(Stored items)
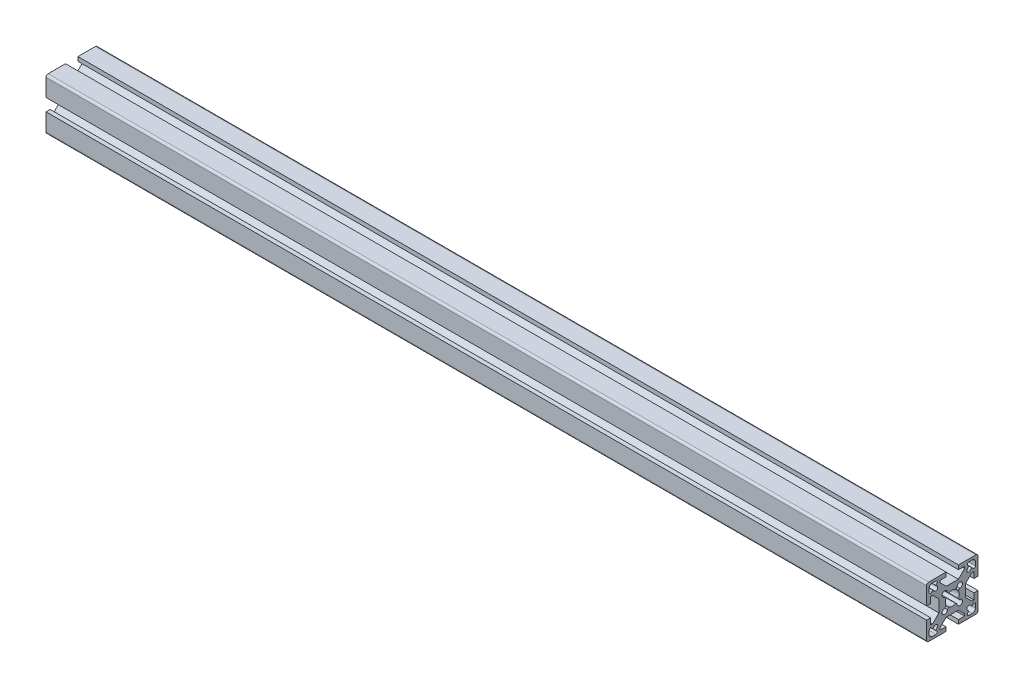
from build123d import *

# Parameters (mm, degrees)
BOSS_EXTRUDE1_DEPTH = 428


with BuildPart() as part:
    # Sketch1 → Boss-Extrude1 (new body)
    with BuildSketch(Plane(origin=(0, 0, 0), x_dir=(0, 0, -1), z_dir=(1, 0, 0))):
        with BuildLine():
            Line((-12.5, 11.5), (-12.5, 3))
            Line((-12.5, 3), (-10.5, 3))
            Line((-10.5, 3), (-10.5, 6))
            Line((-10.5, 6), (-9.535533906, 6))
            Line((-9.535533906, 6), (-6.5, 2.964466094))
            Line((-6.5, 2.964466094), (-6.5, -2.964466094))
            Line((-6.5, -2.964466094), (-9.535533906, -6))
            Line((-9.535533906, -6), (-10.5, -6))
            Line((-10.5, -6), (-10.5, -3))
            Line((-10.5, -3), (-12.5, -3))
            Line((-12.5, -3), (-12.5, -11.5))
            ThreePointArc((-12.5, -11.5), (-12.207106781, -12.207106781), (-11.5, -12.5))
            Line((-11.5, -12.5), (-3, -12.5))
            Line((-3, -12.5), (-3, -10.5))
            Line((-3, -10.5), (-6, -10.5))
            Line((-6, -10.5), (-6, -9.535533906))
            Line((-6, -9.535533906), (-2.964466094, -6.5))
            Line((-2.964466094, -6.5), (2.964466094, -6.5))
            Line((2.964466094, -6.5), (6, -9.535533906))
            Line((6, -9.535533906), (6, -10.5))
            Line((6, -10.5), (3, -10.5))
            Line((3, -10.5), (3, -12.5))
            Line((3, -12.5), (11.5, -12.5))
            ThreePointArc((11.5, -12.5), (12.207106781, -12.207106781), (12.5, -11.5))
            Line((12.5, -11.5), (12.5, -3))
            Line((12.5, -3), (10.5, -3))
            Line((10.5, -3), (10.5, -6))
            Line((10.5, -6), (9.535533906, -6))
            Line((9.535533906, -6), (6.5, -2.964466094))
            Line((6.5, -2.964466094), (6.5, 2.964466094))
            Line((6.5, 2.964466094), (9.535533906, 6))
            Line((9.535533906, 6), (10.5, 6))
            Line((10.5, 6), (10.5, 3))
            Line((10.5, 3), (12.5, 3))
            Line((12.5, 3), (12.5, 11.5))
            ThreePointArc((12.5, 11.5), (12.207106781, 12.207106781), (11.5, 12.5))
            Line((11.5, 12.5), (3, 12.5))
            Line((3, 12.5), (3, 10.5))
            Line((3, 10.5), (6, 10.5))
            Line((6, 10.5), (6, 9.535533906))
            Line((6, 9.535533906), (2.964466094, 6.5))
            Line((2.964466094, 6.5), (-2.964466094, 6.5))
            Line((-2.964466094, 6.5), (-6, 9.535533906))
            Line((-6, 9.535533906), (-6, 10.5))
            Line((-6, 10.5), (-3, 10.5))
            Line((-3, 10.5), (-3, 12.5))
            Line((-3, 12.5), (-11.5, 12.5))
            ThreePointArc((-11.5, 12.5), (-12.207106781, 12.207106781), (-12.5, 11.5))
        make_face()
        with BuildLine():
            Line((-3.087755464, -1.885673936), (-3.585519377, -2.383437849))
            ThreePointArc((-3.585519377, -2.383437849), (-4.599238816, -4.599238816), (-2.383437849, -3.585519377))
            Line((-2.383437849, -3.585519377), (-1.885673936, -3.087755464))
            ThreePointArc((-1.885673936, -3.087755464), (-1.720751743, -3.0036254), (-1.537849315, -3.032329053))
            ThreePointArc((-1.537849315, -3.032329053), (0, -3.4), (1.537849315, -3.032329053))
            ThreePointArc((1.537849315, -3.032329053), (1.720751743, -3.0036254), (1.885673936, -3.087755464))
            Line((1.885673936, -3.087755464), (2.383437849, -3.585519377))
            ThreePointArc((2.383437849, -3.585519377), (4.599238816, -4.599238816), (3.585519377, -2.383437849))
            Line((3.585519377, -2.383437849), (3.087755464, -1.885673936))
            ThreePointArc((3.087755464, -1.885673936), (3.0036254, -1.720751743), (3.032329053, -1.537849315))
            ThreePointArc((3.032329053, -1.537849315), (3.4, 0), (3.032329053, 1.537849315))
            ThreePointArc((3.032329053, 1.537849315), (3.0036254, 1.720751743), (3.087755464, 1.885673936))
            Line((3.087755464, 1.885673936), (3.585519377, 2.383437849))
            ThreePointArc((3.585519377, 2.383437849), (4.599238816, 4.599238816), (2.383437849, 3.585519377))
            Line((2.383437849, 3.585519377), (1.885673936, 3.087755464))
            ThreePointArc((1.885673936, 3.087755464), (1.720751743, 3.0036254), (1.537849315, 3.032329053))
            ThreePointArc((1.537849315, 3.032329053), (0, 3.4), (-1.537849315, 3.032329053))
            ThreePointArc((-1.537849315, 3.032329053), (-1.720751743, 3.0036254), (-1.885673936, 3.087755464))
            Line((-1.885673936, 3.087755464), (-2.383437849, 3.585519377))
            ThreePointArc((-2.383437849, 3.585519377), (-4.599238816, 4.599238816), (-3.585519377, 2.383437849))
            Line((-3.585519377, 2.383437849), (-3.087755464, 1.885673936))
            ThreePointArc((-3.087755464, 1.885673936), (-3.0036254, 1.720751743), (-3.032329053, 1.537849315))
            ThreePointArc((-3.032329053, 1.537849315), (-3.4, 0), (-3.032329053, -1.537849315))
            ThreePointArc((-3.032329053, -1.537849315), (-3.0036254, -1.720751743), (-3.087755464, -1.885673936))
        make_face(mode=Mode.SUBTRACT)
        with BuildLine():
            Line((-11.25, 9.75), (-11.25, 7.976197667))
            ThreePointArc((-11.25, 7.976197667), (-10.817878403, 7.329481994), (-10.055025253, 7.48122292))
            Line((-10.055025253, 7.48122292), (-9.475230868, 8.061017306))
            Line((-9.475230868, 8.061017306), (-8.768124087, 7.353910524))
            ThreePointArc((-8.768124087, 7.353910524), (-7.353910524, 7.353910524), (-7.353910524, 8.768124087))
            Line((-7.353910524, 8.768124087), (-8.061017306, 9.475230868))
            Line((-8.061017306, 9.475230868), (-7.48122292, 10.055025253))
            ThreePointArc((-7.48122292, 10.055025253), (-7.329481994, 10.817878403), (-7.976197667, 11.25))
            Line((-7.976197667, 11.25), (-9.75, 11.25))
            ThreePointArc((-9.75, 11.25), (-10.810660172, 10.810660172), (-11.25, 9.75))
        make_face(mode=Mode.SUBTRACT)
        with BuildLine():
            Line((8.061017306, 9.475230868), (7.353910524, 8.768124087))
            ThreePointArc((7.353910524, 8.768124087), (7.353910524, 7.353910524), (8.768124087, 7.353910524))
            Line((8.768124087, 7.353910524), (9.475230868, 8.061017306))
            Line((9.475230868, 8.061017306), (10.055025253, 7.48122292))
            ThreePointArc((10.055025253, 7.48122292), (10.817878403, 7.329481994), (11.25, 7.976197667))
            Line((11.25, 7.976197667), (11.25, 9.75))
            ThreePointArc((11.25, 9.75), (10.810660172, 10.810660172), (9.75, 11.25))
            Line((9.75, 11.25), (7.976197667, 11.25))
            ThreePointArc((7.976197667, 11.25), (7.329481994, 10.817878403), (7.48122292, 10.055025253))
            Line((7.48122292, 10.055025253), (8.061017306, 9.475230868))
        make_face(mode=Mode.SUBTRACT)
        with BuildLine():
            Line((-9.475230868, -8.061017306), (-10.055025253, -7.48122292))
            ThreePointArc((-10.055025253, -7.48122292), (-10.817878403, -7.329481994), (-11.25, -7.976197667))
            Line((-11.25, -7.976197667), (-11.25, -9.75))
            ThreePointArc((-11.25, -9.75), (-10.810660172, -10.810660172), (-9.75, -11.25))
            Line((-9.75, -11.25), (-7.976197667, -11.25))
            ThreePointArc((-7.976197667, -11.25), (-7.329481994, -10.817878403), (-7.48122292, -10.055025253))
            Line((-7.48122292, -10.055025253), (-8.061017306, -9.475230868))
            Line((-8.061017306, -9.475230868), (-7.353910524, -8.768124087))
            ThreePointArc((-7.353910524, -8.768124087), (-7.353910524, -7.353910524), (-8.768124087, -7.353910524))
            Line((-8.768124087, -7.353910524), (-9.475230868, -8.061017306))
        make_face(mode=Mode.SUBTRACT)
        with BuildLine():
            Line((9.475230868, -8.061017306), (8.768124087, -7.353910524))
            ThreePointArc((8.768124087, -7.353910524), (7.353910524, -7.353910524), (7.353910524, -8.768124087))
            Line((7.353910524, -8.768124087), (8.061017306, -9.475230868))
            Line((8.061017306, -9.475230868), (7.48122292, -10.055025253))
            ThreePointArc((7.48122292, -10.055025253), (7.329481994, -10.817878403), (7.976197667, -11.25))
            Line((7.976197667, -11.25), (9.75, -11.25))
            ThreePointArc((9.75, -11.25), (10.810660172, -10.810660172), (11.25, -9.75))
            Line((11.25, -9.75), (11.25, -7.976197667))
            ThreePointArc((11.25, -7.976197667), (10.817878403, -7.329481994), (10.055025253, -7.48122292))
            Line((10.055025253, -7.48122292), (9.475230868, -8.061017306))
        make_face(mode=Mode.SUBTRACT)
    extrude(amount=BOSS_EXTRUDE1_DEPTH)


solid = part.part

→ **Problem to work on**: What you give back should be only the lines of the records above, starting at the line with "Line((1.885673936, -3.087755464), (2.383437849, -3.585519377))" and ending at the line with "Line((3.585519377, -2.383437849), (3.087755464, -1.885673936))", restated word for word.

→ **Task output**:
            Line((1.885673936, -3.087755464), (2.383437849, -3.585519377))
            ThreePointArc((2.383437849, -3.585519377), (4.599238816, -4.599238816), (3.585519377, -2.383437849))
            Line((3.585519377, -2.383437849), (3.087755464, -1.885673936))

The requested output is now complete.